Of the 156 cases, 108 are in Whitehorse, she said.

As of Friday, 89 percent of Yukon residents aged 12 and over had received their first dose of the vaccine and 85 percent of residents were fully immunized.

Elliott said the increase in cases can be attributed to actions of the highly contagious Delta variant, increased indoor activity as winter approaches, and transmission among unvaccinated people.

But COVID-19 cases among people who received two doses of the vaccine are also on the rise, with a 50% increase since June, she said.

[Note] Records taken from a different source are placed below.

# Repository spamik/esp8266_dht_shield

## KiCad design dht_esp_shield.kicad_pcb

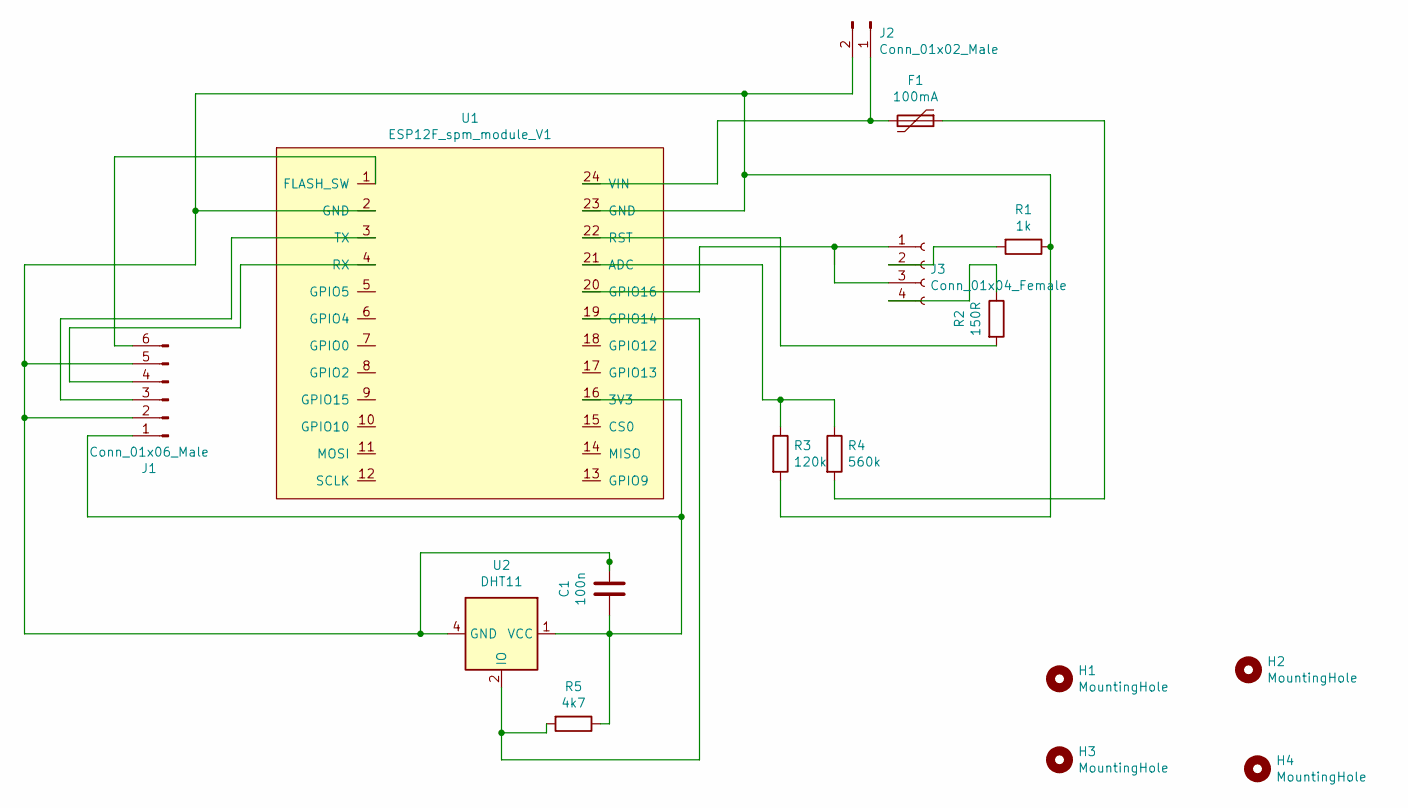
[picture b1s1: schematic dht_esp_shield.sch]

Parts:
C1: 100n; C_0603_1608Metric_Pad1.08x0.95mm_HandSolder
F1: 100mA; Fuse_1812_4532Metric_Pad1.30x3.40mm_HandSolder
H1, H2, H3, H4: MountingHole; MountingHole_2.7mm_M2.5
J1: Conn_01x06_Male; PinHeader_1x06_P2.54mm_Vertical
J2: Conn_01x02_Male; PinHeader_1x02_P2.54mm_Vertical
J3: Conn_01x04_Female; PinHeader_1x04_P2.54mm_Vertical
R1: 1k; R_0805_2012Metric_Pad1.20x1.40mm_HandSolder
R2: 150R; R_0805_2012Metric_Pad1.20x1.40mm_HandSolder
R3: 120k; R_0805_2012Metric_Pad1.20x1.40mm_HandSolder
R4: 560k; R_0805_2012Metric_Pad1.20x1.40mm_HandSolder
R5: 4k7; R_0805_2012Metric_Pad1.20x1.40mm_HandSolder
U1: ESP12F_spm_module_V1; ESP12F_spm_module_v1
U2: DHT11; Aosong_DHT11_5.5x12.0_P2.54mm

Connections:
unnamed: C1.1, J1.2, J1.5, J2.2, R1.1, R3.2, U1.2 (GND), U1.23 (GND), U2.4 (GND)
unnamed: C1.2, J1.1, R5.1, U1.16 (3V3), U2.1 (VCC)
unnamed: F1.1, R4.2
unnamed: F1.2, J2.1, U1.24 (VIN)
unnamed: J1.3, U1.3 (TX)
unnamed: J1.4, U1.4 (RX)
unnamed: J1.6, U1.1 (FLASH_SW)
unnamed: J3.1, J3.3, U1.20 (GPIO16)
unnamed: J3.2, R1.2
unnamed: J3.4, R2.1
unnamed: R2.2, U1.22 (RST)
unnamed: R3.1, R4.1, U1.21 (ADC)
unnamed: R5.2, U1.19 (GPIO14), U2.2 (IO)

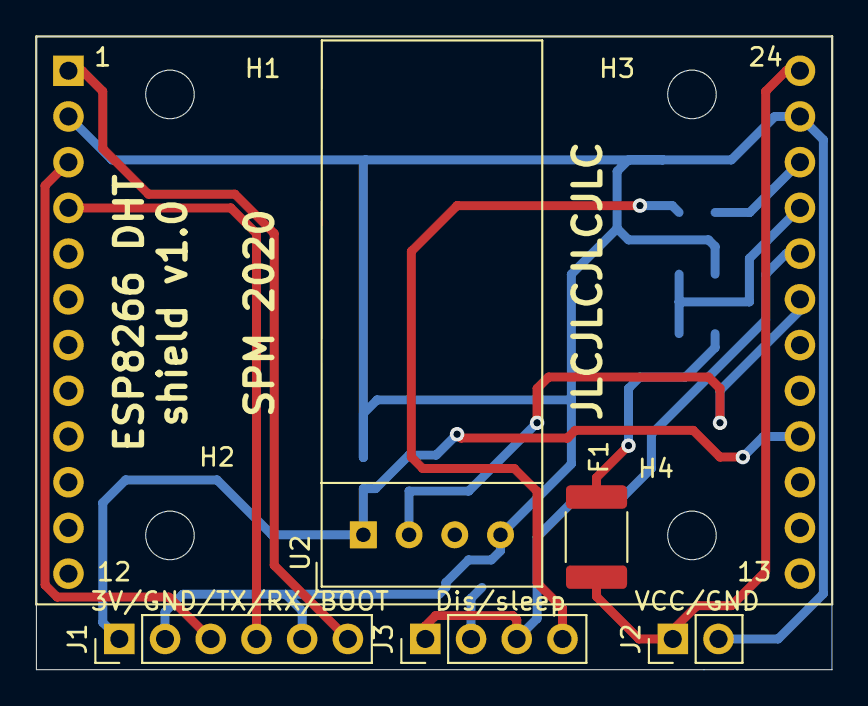
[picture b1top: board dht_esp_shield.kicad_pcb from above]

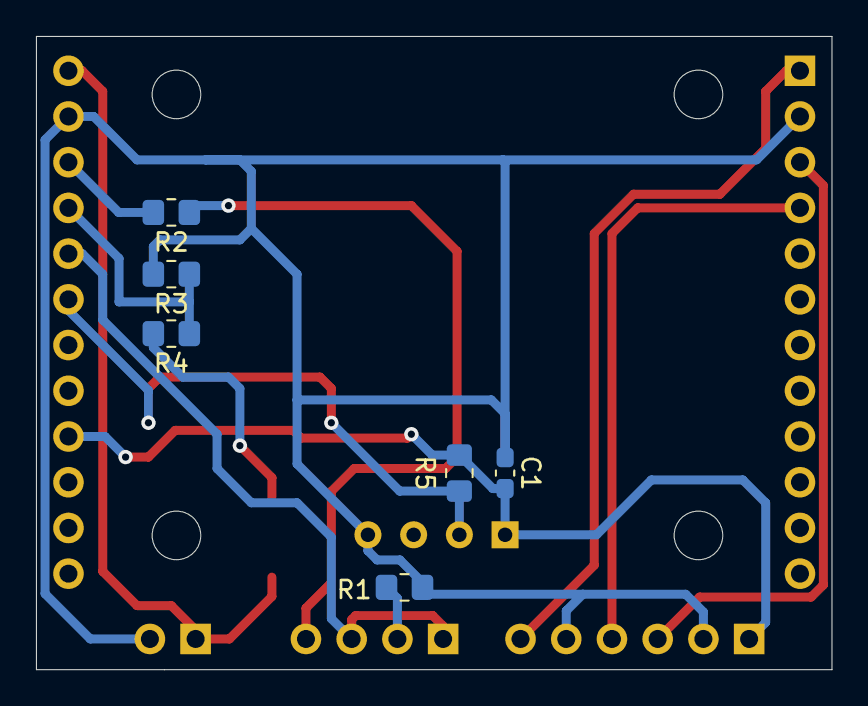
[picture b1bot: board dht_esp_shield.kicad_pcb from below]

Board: 2 copper layers, 44.2 x 35.2 mm, 16 parts (6 on the bottom side), 13 nets.

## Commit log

2021-01-16 initial import
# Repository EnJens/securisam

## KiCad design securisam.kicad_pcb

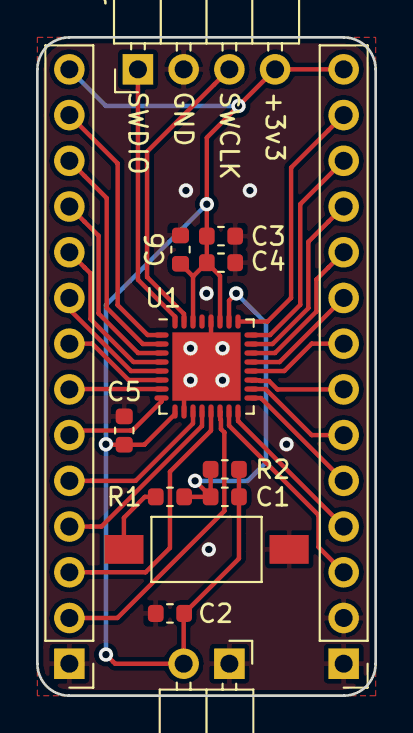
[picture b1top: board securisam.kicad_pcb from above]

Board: 2 copper layers, 18.8 x 36.6 mm, 14 parts (0 on the bottom side), 29 nets.

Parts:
C1: 100pF; C_0603_1608Metric
C2: 10uF; C_0603_1608Metric
C3: 1uF; C_0603_1608Metric
C4, C5, C6: 100nF; C_0603_1608Metric
J1: Conn_01x04; PinHeader_1x04_P2.54mm_Horizontal
J2, J3: Conn_01x14; PinHeader_1x14_P2.54mm_Vertical
J4: Conn_01x02; PinHeader_1x02_P2.54mm_Horizontal
R1: 330R; R_0603_1608Metric
R2: 2.2k; R_0603_1608Metric
SW1: RESET; SW_SPST_FSMSM
U1: ATSAML11E15A-MU; QFN-32-1EP_5x5mm_P0.5mm_EP3.8x3.8mm

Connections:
/PA00: J2.13, U1.1
/PA01: J2.12, U1.2
/PA02: J2.11, U1.3
/PA03: J2.10, U1.4
/PA04: J2.9, U1.5
/PA05: J2.8, U1.6
/PA06: J2.7, U1.7
/PA07: J2.6, U1.8
/PA08: J2.5, U1.11
/PA09: J2.4, U1.12
/PA10: J2.3, U1.13
/PA11: J2.2, U1.14
/PA14: J3.3, U1.15
/PA15: J3.4, U1.16
/PA16: J3.5, U1.17
/PA17: J3.6, U1.18
/PA18: J3.7, U1.19
/PA19: J3.8, U1.20
/PA22: J3.9, U1.21
/PA23: J3.10, U1.22
/PA24: J3.11, U1.23
/PA25: J3.12, U1.24
/PA27: J3.13, U1.25
/SWCLK: J1.3, U1.31
/SWDIO: J1.1, U1.32
/~RESET~: C1.2, R1.1, R2.2, U1.26
GND: C2.2, C3.2, C4.2, C5.2, C6.2, J1.2, J2.1, J3.1, J3.2, J4.1, SW1.1, U1.10, U1.28, U1.33
unnamed: R1.2, SW1.2
VDD: C1.1, C2.1, C3.1, C4.1, C5.1, C6.1, J1.4, J2.14, J3.14, J4.2, R2.1, U1.9, U1.27, U1.30

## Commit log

2018-07-16 ATSAM L11 breakout board
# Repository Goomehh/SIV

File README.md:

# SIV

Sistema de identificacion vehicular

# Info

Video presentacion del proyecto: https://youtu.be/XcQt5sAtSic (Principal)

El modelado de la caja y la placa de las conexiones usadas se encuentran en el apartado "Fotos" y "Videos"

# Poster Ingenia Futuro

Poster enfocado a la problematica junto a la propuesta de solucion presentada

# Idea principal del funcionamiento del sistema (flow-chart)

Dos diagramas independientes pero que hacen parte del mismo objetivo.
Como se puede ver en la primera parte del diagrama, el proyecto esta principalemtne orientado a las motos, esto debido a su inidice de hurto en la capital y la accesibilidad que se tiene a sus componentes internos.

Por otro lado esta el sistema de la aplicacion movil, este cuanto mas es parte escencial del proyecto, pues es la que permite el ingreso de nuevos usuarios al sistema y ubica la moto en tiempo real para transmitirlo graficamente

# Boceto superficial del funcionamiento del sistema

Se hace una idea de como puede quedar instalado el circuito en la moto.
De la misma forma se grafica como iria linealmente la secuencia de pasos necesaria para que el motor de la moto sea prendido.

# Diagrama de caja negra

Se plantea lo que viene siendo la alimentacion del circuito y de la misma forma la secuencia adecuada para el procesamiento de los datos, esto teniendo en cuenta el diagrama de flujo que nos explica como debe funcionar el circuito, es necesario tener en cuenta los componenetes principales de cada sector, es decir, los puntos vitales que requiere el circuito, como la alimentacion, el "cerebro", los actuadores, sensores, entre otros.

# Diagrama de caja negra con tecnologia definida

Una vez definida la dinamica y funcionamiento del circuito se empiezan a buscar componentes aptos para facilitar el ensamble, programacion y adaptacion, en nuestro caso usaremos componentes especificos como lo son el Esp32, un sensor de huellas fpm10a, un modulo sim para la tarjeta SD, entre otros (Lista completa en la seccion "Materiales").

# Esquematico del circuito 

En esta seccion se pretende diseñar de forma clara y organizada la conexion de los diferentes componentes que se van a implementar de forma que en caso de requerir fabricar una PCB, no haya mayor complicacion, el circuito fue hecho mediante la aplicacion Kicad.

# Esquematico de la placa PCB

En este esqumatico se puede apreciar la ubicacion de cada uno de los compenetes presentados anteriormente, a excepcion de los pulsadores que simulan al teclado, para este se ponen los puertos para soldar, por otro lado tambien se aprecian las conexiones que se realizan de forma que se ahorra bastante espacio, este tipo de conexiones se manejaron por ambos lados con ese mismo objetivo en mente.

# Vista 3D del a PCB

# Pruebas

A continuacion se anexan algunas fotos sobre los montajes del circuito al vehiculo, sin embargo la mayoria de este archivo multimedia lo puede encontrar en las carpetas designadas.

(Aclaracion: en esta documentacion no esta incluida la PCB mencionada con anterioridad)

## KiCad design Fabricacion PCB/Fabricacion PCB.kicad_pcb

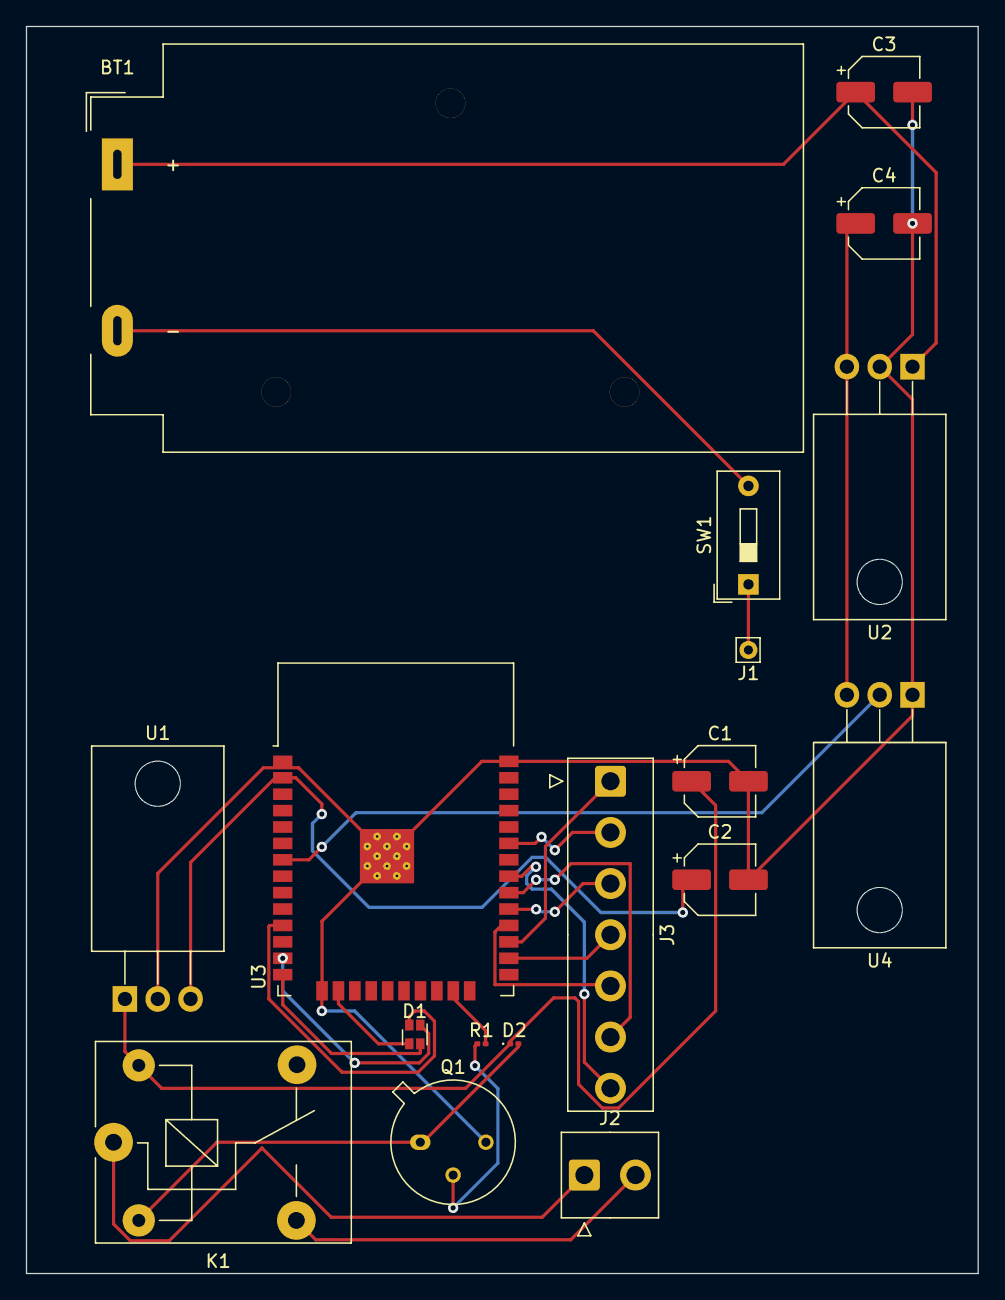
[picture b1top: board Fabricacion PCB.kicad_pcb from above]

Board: 2 copper layers, 73.7 x 96.5 mm, 18 parts (0 on the bottom side), 24 nets.

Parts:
BT1: Battery_Cell; BatteryHolder_MPD_BA9VPC_1xPP3
C1, C2, C3, C4: C_Polarized; CP_Elec_5x5.4
D1: LED_ABGR; LED_LiteOn_LTST-C19HE1WT
D2: D_Zener; LED_0201_0603Metric
J1: Screw_Terminal_01x01; Pin_D0.7mm_L6.5mm_W1.8mm_FlatFork
J2: Screw_Terminal_01x02; TE_826576-2_1x02_P3.96mm_Vertical
J3: Conn_01x07_Socket; TE_826576-7_1x07_P3.96mm_Vertical
K1: SANYOU_SRD_Form_C; Relay_SPDT_SANYOU_SRD_Series_Form_C
Q1: 2N2219; TO-39-3
R1: R_US; R_0201_0603Metric
SW1: SW_SPST; SW_DIP_SPSTx01_Slide_9.78x4.72mm_W7.62mm_P2.54mm
U1, U2: L7805; TO-220-3_Horizontal_TabDown
U3: ESP32-WROOM-32
U4: LM1117T-3.3; TO-220-3_Horizontal_TabDown

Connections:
+12VA: C1.1, D2.1 (K), K1.5, U1.1 (IN)
GND: C1.2, C2.2, C3.2, C4.2, Q1.3 (C), U1.2 (GND), U2.2 (GND), U3.1 (GND), U3.15 (GND), U3.38 (GND), U3.39 (GND), U4.1 (GND)
unnamed: BT1.1 (+), C3.1, U2.1 (IN)
unnamed: BT1.2 (-), SW1.2 (B)
unnamed: D1.1 (A), U3.11 (IO26)
unnamed: D1.2 (BK), U3.13 (IO14)
unnamed: D1.3 (GK), U3.14 (IO12)
unnamed: D1.4 (RK), U3.16 (IO13)
unnamed: D2.2 (A), K1.2, Q1.1 (E)
unnamed: J1.1, SW1.1 (A)
unnamed: J2.1, K1.1
unnamed: J2.2, K1.3
unnamed: J3.1, U3.27 (IO16)
unnamed: J3.2, U3.33 (IO21)
unnamed: J3.3, U3.29 (IO5)
unnamed: J3.4, U3.26 (IO4)
unnamed: J3.5, U3.28 (IO17)
unnamed: J3.6, U3.30 (IO18)
unnamed: J3.7, U3.31 (IO19)
unnamed: Q1.2 (B), R1.1
unnamed: C2.1, U1.3 (OUT), U3.2 (VDD)
unnamed: C4.1, U2.3 (OUT), U4.3 (VI)
unnamed: R1.2, U3.23 (IO15)
unnamed: U3.7 (IO35), U4.2 (VO)

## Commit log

2023-06-23 Create Codigo Esp32
2023-06-24 Videos que pesan menos de 25 mb
2023-06-24 Videos que pesan mas de 25 mb
2023-06-24 Librerias usadas
2023-06-24 Cronologia sensor huellas
2023-06-24 Update Referente al sensor de huellas
2023-06-24 Update and rename Hola.txt to Referente al sensor GPS
2023-06-25 GPS y SIM
2023-06-27 Carcasa
2023-06-27 Rename Referente al sensor GPS y Modulo SIM to Sensor GPS y Modulo SIM
2023-06-27 Rename Referente al sensor de huellas to Sensor de huellas
2023-06-27 Teclado rigido
2023-06-27 Modulo relé y reguladores de voltaje lineal
2023-06-27 Sensor GPS y Modulo SIM
2023-06-27 Sensor de huellas
2023-06-27 Codigo fuente esp32.py to Codigo fuente esp32.py (PRINCIPAL E IMPORTANTE))
2023-06-27 Rename Enroll-ESP.ino to Enroll-ESP.ino (Fallo)
2023-06-27 Gps.ino to Gps.ino (Fallo)
2023-06-27 Sensor huella con microP.py (Fallo)
2023-06-27 Union_sensor_y_gps.ino (Fallo)
2023-06-27 emptyDatabase.ino (Fallo)
2023-06-27 Rename test_with_gps_device.ino to test_with_gps_device.ino (Fallo)

Elliott attributed the increase in infections among those who received two injections to the high amount of COVID-19 circulating in the Yukon and the time that has passed since people received their second dose of the vaccine.

She noted that it is normal for immunity to the vaccine to decline over time, which is why the government is now offering booster shots to people 50 years of age and older.

Elliot urged people to get vaccinated, saying it reduces the risk of getting infected with COVID-19 and reduces the risk of serious illness or death.

“It’s the drug that teaches our immune system to respond quickly and effectively to infection,” Elliott said.

She said the territory is also closely monitoring other jurisdictions across Canada to determine when to offer a more extensive recall program.